## GOAL OF THE EXERCISE
Copy nothing but the lines from the opening of the entries through the line that contains "color=color, linetype=linetype, lineweight=lineweight)", exactly as written. Drop the pictures.
▬▬▬
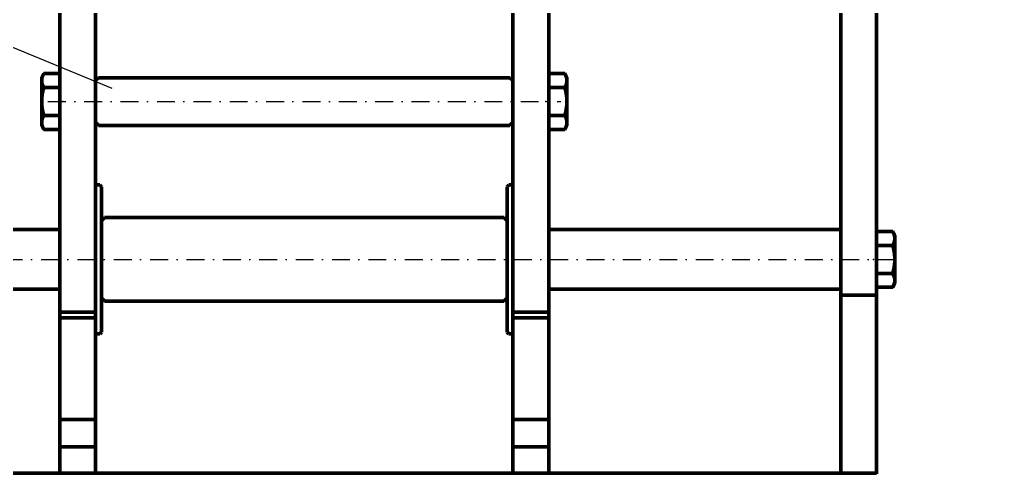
# Model space of a CAD drawing. Header units: inches. Extents: x -122986 to 27550, y -4965 to 6170.
# Drawn here: x 4062.9 to 4226.8, y 941 to 1017.2 of the extents above; entities that cross this region are included whole.
import ezdxf

# ---------------------------------------------------------------- set-up
doc = ezdxf.new("R2010")
doc.units = ezdxf.units.IN
doc.header["$LTSCALE"] = 2
doc.header["$MEASUREMENT"] = 0
doc.linetypes.add('DASHDOT', pattern=[1, 0.5, -0.25, 0, -0.25])
for name, color, linetype, lineweight in [('1 mãnh', 7, 'Continuous', 5), ('1 Đường Tâm', 50, 'DASHDOT', 9), ('1 Đậm', 7, 'Continuous', 50)]:
    doc.layers.add(name, color=color, linetype=linetype, lineweight=lineweight)
doc.layers.add('61', color=7, linetype='Continuous', true_color=0xffffff)
doc.styles.add('tinh', font='arial.ttf')
doc.dimstyles.new('Tịnh', dxfattribs={"dimtxt": 0.3, "dimasz": 1.5, "dimexe": 1, "dimexo": 0.0625, "dimgap": 0.4, "dimtad": 1, "dimtoh": 1, "dimzin": 0, "dimdsep": 46, "dimtxsty": 'tinh', "dimcen": 0.09, "dimclrd": 256, "dimclre": 256, "dimclrt": 4, "dimadec": 0, "dimazin": 0, "dimtfac": 1, "dimtofl": 0, "dimtmove": 0, "dimatfit": 3, "dimfxl": 1, "dimtfillclr": 4, "dimtolj": 1, "dimtzin": 0, "dimlwd": -1, "dimlwe": -1, "dimarcsym": 0})

# ---------------------------------------------------------------- blocks, each defined once
blk = doc.blocks.new('*D296')
at = {"layer": '1 mãnh', "ltscale": 15, "transparency": 16777216}
for p, q in [((3987.6, 1064.91), (3987.6, 863)), ((4256.7, 922.91), (4256.7, 863)), ((3992.6, 864), (4251.7, 864))]:
    blk.add_line(p, q, dxfattribs=at)
for points in [[(3992.6, 864.83), (3992.6, 863.17), (3987.6, 864)], [(4251.7, 864.83), (4251.7, 863.17), (4256.7, 864)]]:
    blk.add_solid(points, dxfattribs=at)
at = {"layer": 'Defpoints', "color": 0, "ltscale": 15, "transparency": 16777216}
for p in [(3987.6, 1064.97), (4256.7, 922.97), (4256.7, 864)]:
    blk.add_point(p, dxfattribs=at)
at = {"layer": '1 mãnh', "color": 4, "ltscale": 15, "transparency": 16777216, "insert": (4123.21, 868.05), "char_height": 3, "attachment_point": 5, "style": 'tinh'}
blk.add_mtext('\\A1;{\\H1.6667x;270}', dxfattribs=at)

msp = doc.modelspace()

# ---------------------------------------------------------------- linework, layer by layer
at = {"layer": '1 mãnh', "lineweight": 13, "ltscale": 15}
msp.add_line((4078.469, 1005.665), (3919.657, 1071.259), dxfattribs=at)
at = {"layer": '1 mãnh', "lineweight": 25, "ltscale": 15}
for p, q in [((4075.697, 989.472), (4075.697, 964.466)), ((4145.697, 989.472), (4145.697, 964.466))]:
    msp.add_line(p, q, dxfattribs=at)
at = {"layer": '1 Đường Tâm', "lineweight": 9, "ltscale": 3}
for p, q in [((4067.697, 1003.467), (4153.697, 1003.467)), ((4011.651, 976.969), (4209.743, 976.969))]:
    msp.add_line(p, q, dxfattribs=at)
at = {"layer": '1 Đậm', "lineweight": 50}
for p, q in [((4200.697, 970.969), (4200.697, 1086.969)), ((4206.697, 970.969), (4206.697, 1086.969)), ((4069.697, 1019.598), (4069.697, 968.097)), ((4075.697, 1019.598), (4075.697, 968.097)), ((4145.697, 1019.767), (4145.697, 968.097)), ((4151.697, 1019.598), (4151.697, 968.097)), ((4067.013, 1008.157), (4066.651, 1007.529)), ((4067.013, 1008.157), (4069.697, 1008.157)), ((4154.38, 1008.157), (4151.697, 1008.157)), ((4154.38, 1008.157), (4154.743, 1007.529)), ((4066.651, 1007.529), (4066.651, 1006.984)), ((4066.651, 1006.984), (4066.651, 1003.467)), ((4076.197, 1007.467), (4075.697, 1006.967)), ((4145.197, 1007.467), (4076.197, 1007.467)), ((4145.197, 1007.467), (4145.697, 1006.967)), ((4154.743, 1007.529), (4154.743, 1006.984)), ((4154.743, 1006.984), (4154.743, 1003.467)), ((4067.013, 1005.812), (4069.697, 1005.812)), ((4154.38, 1005.812), (4151.697, 1005.812)), ((4066.651, 1003.467), (4066.651, 999.95)), ((4154.743, 1003.467), (4154.743, 999.95)), ((4066.651, 999.406), (4066.651, 999.95)), ((4067.013, 1001.122), (4069.697, 1001.122)), ((4076.197, 999.467), (4075.697, 999.967)), ((4145.197, 999.467), (4145.697, 999.967)), ((4154.38, 1001.122), (4151.697, 1001.122)), ((4154.743, 999.406), (4154.743, 999.95)), ((4066.651, 999.406), (4067.013, 998.777)), ((4067.013, 998.777), (4069.697, 998.777)), ((4076.197, 999.467), (4145.197, 999.467)), ((4154.38, 998.777), (4151.697, 998.777)), ((4154.743, 999.406), (4154.38, 998.777)), ((4144.197, 984), (4077.197, 984)), ((4144.697, 983.5), (4144.197, 984)), ((4069.697, 981.969), (4021.197, 981.969)), ((4200.697, 981.969), (4151.697, 981.969)), ((4209.38, 981.659), (4206.697, 981.659)), ((4209.38, 981.659), (4209.743, 981.031)), ((4209.743, 981.031), (4209.743, 980.487)), ((4209.743, 980.487), (4209.743, 976.969)), ((4209.38, 979.314), (4206.697, 979.314)), ((4209.743, 976.969), (4209.743, 973.452)), ((4209.38, 974.624), (4206.697, 974.624)), ((4209.743, 972.908), (4209.743, 973.452)), ((4021.197, 971.969), (4069.697, 971.969)), ((4151.697, 971.969), (4200.697, 971.969)), ((4209.38, 972.279), (4206.697, 972.279)), ((4209.743, 972.908), (4209.38, 972.279)), ((4206.697, 970.969), (4200.697, 970.969)), ((4200.697, 941.1), (4200.697, 970.969)), ((4206.697, 940.969), (4206.697, 970.969)), ((4077.197, 969.939), (4144.197, 969.939)), ((4075.697, 968.097), (4069.697, 968.097)), ((4069.697, 968.097), (4069.697, 967.169)), ((4069.697, 967.169), (4075.697, 967.169)), ((4069.697, 967.169), (4069.697, 941.1)), ((4075.697, 968.097), (4075.697, 967.169)), ((4075.697, 941.1), (4075.697, 967.169)), ((4151.697, 968.097), (4145.697, 968.097)), ((4145.697, 968.097), (4145.697, 967.169)), ((4145.697, 967.169), (4151.697, 967.169)), ((4145.697, 967.169), (4145.697, 941.1)), ((4151.697, 968.097), (4151.697, 967.169)), ((4151.697, 941.1), (4151.697, 967.169)), ((4069.697, 950.094), (4075.697, 950.094)), ((4145.697, 950.094), (4151.697, 950.094)), ((4075.697, 945.502), (4069.697, 945.502)), ((4151.697, 945.502), (4145.697, 945.502)), ((4145.697, 945.169), (4145.697, 944.976)), ((4206.697, 941.1), (4014.697, 941.1)), ((4200.697, 940.969), (4200.697, 941.1))]:
    msp.add_line(p, q, dxfattribs=at)
at = {"layer": '1 Đậm', "lineweight": 50, "ltscale": 15}
for p, q in [((4075.697, 989.472), (4076.397, 989.472)), ((4076.397, 989.472), (4076.697, 989.172)), ((4076.697, 964.766), (4076.697, 989.172)), ((4144.997, 989.472), (4144.697, 989.172)), ((4144.697, 964.766), (4144.697, 989.172)), ((4145.697, 989.472), (4144.997, 989.472)), ((4077.197, 984), (4076.697, 983.5)), ((4077.197, 969.939), (4076.697, 970.439)), ((4144.197, 969.939), (4144.697, 970.439)), ((4075.697, 964.466), (4076.397, 964.466)), ((4076.397, 964.466), (4076.697, 964.766)), ((4144.997, 964.466), (4144.697, 964.766)), ((4145.697, 964.466), (4144.997, 964.466))]:
    msp.add_line(p, q, dxfattribs=at)
at = {"layer": '1 Đậm', "lineweight": 50}
for points in [[(4066.651, 1006.984), (4066.651, 1007.008), (4066.651, 1007.032), (4066.652, 1007.056), (4066.653, 1007.08), (4066.655, 1007.104), (4066.657, 1007.128), (4066.659, 1007.152), (4066.661, 1007.176), (4066.664, 1007.2), (4066.667, 1007.223), (4066.67, 1007.247), (4066.674, 1007.271), (4066.678, 1007.295), (4066.682, 1007.318), (4066.687, 1007.342), (4066.692, 1007.366), (4066.697, 1007.389), (4066.702, 1007.413), (4066.708, 1007.436), (4066.714, 1007.46), (4066.72, 1007.484), (4066.727, 1007.507), (4066.734, 1007.531), (4066.741, 1007.554), (4066.749, 1007.577), (4066.756, 1007.601), (4066.764, 1007.624), (4066.773, 1007.648), (4066.781, 1007.671), (4066.79, 1007.694), (4066.799, 1007.718), (4066.808, 1007.741), (4066.818, 1007.764), (4066.827, 1007.787), (4066.837, 1007.811), (4066.848, 1007.834), (4066.858, 1007.857), (4066.869, 1007.88), (4066.88, 1007.903), (4066.891, 1007.927), (4066.902, 1007.95), (4066.914, 1007.973), (4066.925, 1007.996), (4066.937, 1008.019), (4066.95, 1008.042), (4066.962, 1008.065), (4066.975, 1008.088), (4066.987, 1008.111), (4067, 1008.134), (4067.013, 1008.157)], [(4154.743, 1006.984), (4154.743, 1007.008), (4154.742, 1007.032), (4154.741, 1007.056), (4154.74, 1007.08), (4154.739, 1007.104), (4154.737, 1007.128), (4154.735, 1007.152), (4154.733, 1007.176), (4154.73, 1007.2), (4154.727, 1007.223), (4154.723, 1007.247), (4154.72, 1007.271), (4154.716, 1007.295), (4154.711, 1007.318), (4154.707, 1007.342), (4154.702, 1007.366), (4154.697, 1007.389), (4154.691, 1007.413), (4154.686, 1007.436), (4154.68, 1007.46), (4154.673, 1007.484), (4154.667, 1007.507), (4154.66, 1007.531), (4154.652, 1007.554), (4154.645, 1007.577), (4154.637, 1007.601), (4154.629, 1007.624), (4154.621, 1007.648), (4154.613, 1007.671), (4154.604, 1007.694), (4154.595, 1007.718), (4154.586, 1007.741), (4154.576, 1007.764), (4154.566, 1007.787), (4154.556, 1007.811), (4154.546, 1007.834), (4154.536, 1007.857), (4154.525, 1007.88), (4154.514, 1007.903), (4154.503, 1007.927), (4154.492, 1007.95), (4154.48, 1007.973), (4154.468, 1007.996), (4154.456, 1008.019), (4154.444, 1008.042), (4154.432, 1008.065), (4154.419, 1008.088), (4154.406, 1008.111), (4154.393, 1008.134), (4154.38, 1008.157)], [(4067.013, 1005.812), (4067, 1005.835), (4066.987, 1005.858), (4066.974, 1005.881), (4066.962, 1005.904), (4066.949, 1005.927), (4066.937, 1005.95), (4066.925, 1005.973), (4066.913, 1005.997), (4066.902, 1006.02), (4066.89, 1006.043), (4066.879, 1006.066), (4066.868, 1006.089), (4066.858, 1006.112), (4066.847, 1006.136), (4066.837, 1006.159), (4066.827, 1006.182), (4066.817, 1006.205), (4066.808, 1006.229), (4066.799, 1006.252), (4066.79, 1006.275), (4066.781, 1006.299), (4066.772, 1006.322), (4066.764, 1006.345), (4066.756, 1006.369), (4066.748, 1006.392), (4066.741, 1006.416), (4066.734, 1006.439), (4066.727, 1006.463), (4066.72, 1006.486), (4066.714, 1006.51), (4066.708, 1006.533), (4066.702, 1006.557), (4066.697, 1006.58), (4066.691, 1006.604), (4066.687, 1006.627), (4066.682, 1006.651), (4066.678, 1006.675), (4066.674, 1006.698), (4066.67, 1006.722), (4066.667, 1006.746), (4066.664, 1006.77), (4066.661, 1006.793), (4066.659, 1006.817), (4066.657, 1006.841), (4066.655, 1006.865), (4066.653, 1006.889), (4066.652, 1006.913), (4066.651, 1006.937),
▬▬▬
## EXERCISE SOLUTION
# Model space of a CAD drawing. Header units: inches. Extents: x -122986 to 27550, y -4965 to 6170.
# Drawn here: x 4062.9 to 4226.8, y 941 to 1017.2 of the extents above; entities that cross this region are included whole.
import ezdxf

# ---------------------------------------------------------------- set-up
doc = ezdxf.new("R2010")
doc.units = ezdxf.units.IN
doc.header["$LTSCALE"] = 2
doc.header["$MEASUREMENT"] = 0
doc.linetypes.add('DASHDOT', pattern=[1, 0.5, -0.25, 0, -0.25])
for name, color, linetype, lineweight in [('1 mãnh', 7, 'Continuous', 5), ('1 Đường Tâm', 50, 'DASHDOT', 9), ('1 Đậm', 7, 'Continuous', 50)]:
    doc.layers.add(name, color=color, linetype=linetype, lineweight=lineweight)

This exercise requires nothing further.